Mechanical Data (Package|Pins)
Thermal pad, mechanical data (Package|Pins)
Orderable Information

8.3.1.2 General Purpose Input (GPI) Events

A column or row configured as GPI can be programmed to be part of the Key Event Table, hence becomes also capable of generating Key Event Interrupt. A Key Event Interrupt caused by a GPI follow the same process flow as a Key Event Interrupt caused by a Key press.
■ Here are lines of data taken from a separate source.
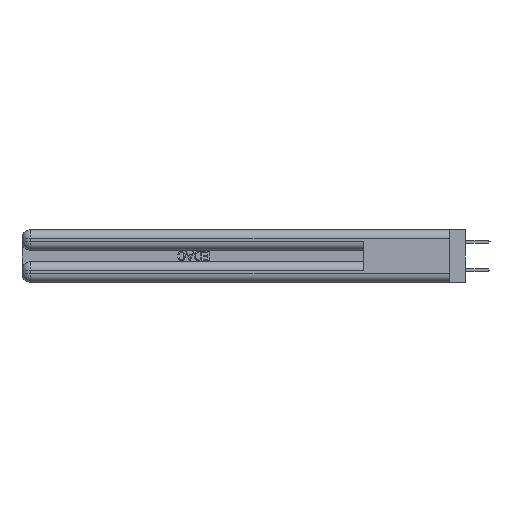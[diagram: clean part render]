
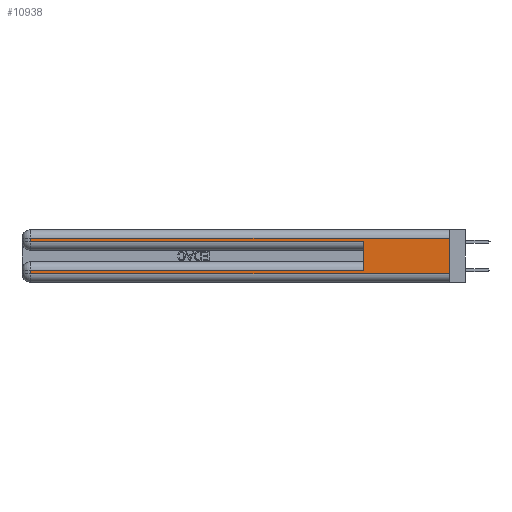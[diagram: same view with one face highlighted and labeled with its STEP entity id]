
A CAD part, left-side view. The second image highlights one B-rep face of the part: STEP entity #10938.
In plain terms, the highlighted planar face has unit normal (-1, 0, 0).
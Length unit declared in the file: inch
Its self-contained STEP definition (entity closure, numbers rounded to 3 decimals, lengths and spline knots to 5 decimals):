
#103 = VECTOR ( 'NONE', #37526, 39.37008 ) ;
#111 = PLANE ( 'NONE',  #37079 ) ;
#265 = VERTEX_POINT ( 'NONE', #31426 ) ;
#473 = CARTESIAN_POINT ( 'NONE',  ( 0., 2.94, 0.37 ) ) ;
#787 = EDGE_CURVE ( 'NONE', #265, #18906, #32730, .T. ) ;
#1705 = CARTESIAN_POINT ( 'NONE',  ( 0., 0., 0.37 ) ) ;
#2303 = EDGE_CURVE ( 'NONE', #26916, #14172, #26668, .T. ) ;
#2309 = DIRECTION ( 'NONE',  ( 0., -1., 0. ) ) ;
#2690 = EDGE_CURVE ( 'NONE', #30844, #26916, #20353, .T. ) ;
#3701 = ORIENTED_EDGE ( 'NONE', *, *, #2303, .T. ) ;
#4438 = FACE_OUTER_BOUND ( 'NONE', #20366, .T. ) ;
#6253 = VERTEX_POINT ( 'NONE', #37658 ) ;
#6844 = VECTOR ( 'NONE', #27960, 39.37008 ) ;
#7504 = VECTOR ( 'NONE', #12379, 39.37008 ) ;
#7543 = LINE ( 'NONE', #1705, #15645 ) ;
#8265 = LINE ( 'NONE', #8534, #41411 ) ;
#8534 = CARTESIAN_POINT ( 'NONE',  ( 0., 0., 0.31 ) ) ;
#10518 = LINE ( 'NONE', #15313, #37770 ) ;
#10683 = EDGE_CURVE ( 'NONE', #30427, #14172, #43499, .T. ) ;
#10938 = ADVANCED_FACE ( 'NONE', ( #4438 ), #111, .F. ) ;
#11409 = CARTESIAN_POINT ( 'NONE',  ( 0., 0.6, 0.285 ) ) ;
#12379 = DIRECTION ( 'NONE',  ( 0., 1., 0. ) ) ;
#13068 = ORIENTED_EDGE ( 'NONE', *, *, #10683, .F. ) ;
#14051 = DIRECTION ( 'NONE',  ( 0., 0., -1. ) ) ;
#14172 = VERTEX_POINT ( 'NONE', #11409 ) ;
#14908 = VERTEX_POINT ( 'NONE', #38772 ) ;
#15313 = CARTESIAN_POINT ( 'NONE',  ( 0., 0., 0.06 ) ) ;
#15645 = VECTOR ( 'NONE', #25470, 39.37008 ) ;
#16915 = ORIENTED_EDGE ( 'NONE', *, *, #787, .T. ) ;
#18906 = VERTEX_POINT ( 'NONE', #29461 ) ;
#20353 = LINE ( 'NONE', #473, #6844 ) ;
#20366 = EDGE_LOOP ( 'NONE', ( #35667, #36638, #23804, #3701, #13068, #30864, #16915, #37275 ) ) ;
#22797 = CARTESIAN_POINT ( 'NONE',  ( 0., 2.94, 0.31 ) ) ;
#22855 = CARTESIAN_POINT ( 'NONE',  ( 0., 0., 0.085 ) ) ;
#23214 = VECTOR ( 'NONE', #27365, 39.37008 ) ;
#23417 = EDGE_CURVE ( 'NONE', #14908, #6253, #7543, .T. ) ;
#23804 = ORIENTED_EDGE ( 'NONE', *, *, #2690, .T. ) ;
#25470 = DIRECTION ( 'NONE',  ( 0., 0., -1. ) ) ;
#26668 = LINE ( 'NONE', #36585, #38439 ) ;
#26916 = VERTEX_POINT ( 'NONE', #37998 ) ;
#27271 = EDGE_CURVE ( 'NONE', #14908, #30844, #8265, .T. ) ;
#27365 = DIRECTION ( 'NONE',  ( 0., 0., 1. ) ) ;
#27960 = DIRECTION ( 'NONE',  ( 0., 0., -1. ) ) ;
#29461 = CARTESIAN_POINT ( 'NONE',  ( 0., 2.94, 0.06 ) ) ;
#30427 = VERTEX_POINT ( 'NONE', #34133 ) ;
#30798 = CARTESIAN_POINT ( 'NONE',  ( 0., 2.94, 0.37 ) ) ;
#30844 = VERTEX_POINT ( 'NONE', #22797 ) ;
#30864 = ORIENTED_EDGE ( 'NONE', *, *, #37659, .T. ) ;
#31406 = EDGE_CURVE ( 'NONE', #18906, #6253, #10518, .T. ) ;
#31426 = CARTESIAN_POINT ( 'NONE',  ( 0., 2.94, 0.085 ) ) ;
#32730 = LINE ( 'NONE', #30798, #103 ) ;
#34099 = CARTESIAN_POINT ( 'NONE',  ( 0., 0.6, 0.145 ) ) ;
#34133 = CARTESIAN_POINT ( 'NONE',  ( 0., 0.6, 0.085 ) ) ;
#34807 = LINE ( 'NONE', #22855, #7504 ) ;
#35667 = ORIENTED_EDGE ( 'NONE', *, *, #23417, .F. ) ;
#36585 = CARTESIAN_POINT ( 'NONE',  ( 0., 0., 0.285 ) ) ;
#36638 = ORIENTED_EDGE ( 'NONE', *, *, #27271, .T. ) ;
#37079 = AXIS2_PLACEMENT_3D ( 'NONE', #38206, #41925, #14051 ) ;
#37275 = ORIENTED_EDGE ( 'NONE', *, *, #31406, .T. ) ;
#37526 = DIRECTION ( 'NONE',  ( 0., 0., -1. ) ) ;
#37658 = CARTESIAN_POINT ( 'NONE',  ( 0., 0., 0.06 ) ) ;
#37659 = EDGE_CURVE ( 'NONE', #30427, #265, #34807, .T. ) ;
#37770 = VECTOR ( 'NONE', #42427, 39.37008 ) ;
#37998 = CARTESIAN_POINT ( 'NONE',  ( 0., 2.94, 0.285 ) ) ;
#38206 = CARTESIAN_POINT ( 'NONE',  ( 0., 0., 0.37 ) ) ;
#38439 = VECTOR ( 'NONE', #2309, 39.37008 ) ;
#38772 = CARTESIAN_POINT ( 'NONE',  ( 0., 0., 0.31 ) ) ;
#41411 = VECTOR ( 'NONE', #42900, 39.37008 ) ;
#41925 = DIRECTION ( 'NONE',  ( 1., 0., 0. ) ) ;
#42427 = DIRECTION ( 'NONE',  ( 0., -1., 0. ) ) ;
#42900 = DIRECTION ( 'NONE',  ( 0., 1., 0. ) ) ;
#43499 = LINE ( 'NONE', #34099, #23214 ) ;

GPIs configured as part of the Key Event Table allows for single key switches to be monitored as well as other GPI interrupts. As part of the Event Table, GPIs are represented with decimal value of 97 and run through decimal value of 114. R0-R7 are represented by 97-104 and C0-C9 are represented by 105-114

For a GPI that is set as active high, and is enabled in the Key Event Table, the state-machine will add an event to the event count and event table whenever that GPI goes high. If the GPI is set to active low, a transition from high to low will be considered a press and will also be added to the event count and event table. Once the interrupt state has been met, the state machine will internally set an interrupt for the opposite state programmed in the register to avoid polling for the released state, hence saving current. Once the released state is achieved, it will add it to the event table. The press and release will still be indicated by bit 7 in the event register.

The GPI Events can also be used as unlocked sequences. When the GPI_EM bit is set, GPI events will not be tracked when the keypad is locked. GPI_EM bit must be cleared for the GPI events to be tracked in the event counter and table when the keypad is locked.